Environment="KUBELET_EXTRA_ARGS=--node-ip=10.0.1.1"
ExecStart=
ExecStart=/usr/bin/kubelet $KUBELET_KUBECONFIG_ARGS $KUBELET_SYSTEM_PODS_ARGS $KUBELET_NETWORK_ARGS $KUBELET_DNS_ARGS $KUBELET_AUTHZ_ARGS $KUBELET_CADVISOR_ARGS $KUBELET_CERTIFICATE_ARGS $KUBELET_EXTRA_ARGS
@kgierke works perfect for me too! :D Thank you!
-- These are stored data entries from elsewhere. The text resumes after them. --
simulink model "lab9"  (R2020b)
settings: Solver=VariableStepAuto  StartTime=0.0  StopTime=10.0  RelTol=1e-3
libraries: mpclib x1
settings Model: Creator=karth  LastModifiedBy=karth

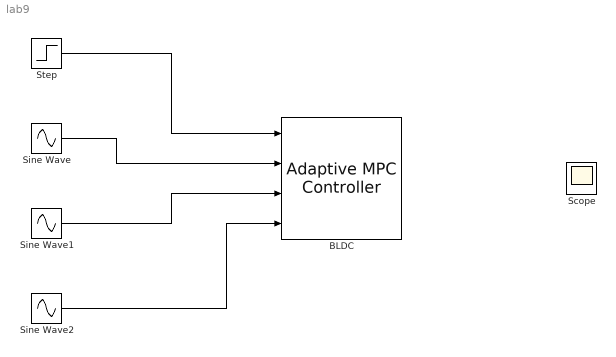
== system lab9 ==
  BLDC : mpclib/Adaptive MPC Controller  SCDEnableBlockLinearizationSpecification=on  enable_value=0  updateMPCinCallerWorkspace=on  md_inport=on  mv_inport=off  uref_inport=off  return_cost=off  return_mvseq=off  return_qpstatus=off  return_xseq=off  return_state=off  return_ovseq=off  state_inport=off  isltv_plant=off  umin_inport=off  umax_inport=off  ymin_inport=off  ymax_inport=off  cc_inport=off  ywt_inport=off  uwt_inport=off  duwt_inport=off  rhoeps_inport=off  pm_inport=off  MaximumP=10  HorizonChoice=FixedHorizon  BlockDataType=double  SampleTimeInherited=off  switch_inport=off
  Scope : Scope
  Sine Wave : Sin  SampleTime=0
  Sine Wave1 : Sin  SampleTime=0
  Sine Wave2 : Sin  SampleTime=0
  Step : Step  SampleTime=0
  wires:
  Step/1 -> BLDC/1
  Sine Wave/1 -> BLDC/2
  Sine Wave1/1 -> BLDC/3
  Sine Wave2/1 -> BLDC/4

Also re-enabled ufw firewall now.
So... the only thing for me is to get traefik deamonset running with LE certs ;)
@vistalba : let me know how it goes with Traefik and LE and please share some config. I did not manage to get it working. It did not bound to port 443 - probably a configuration issue.
Also, could you please check the load on the cluster when idle. I have a single node cluster on a hetzner CX51 VM and I get 0.5 system load just after I install kubernets.
All details are here kubernetes/kubernetes#63951 . I would love to know if anyone has the same issues as me.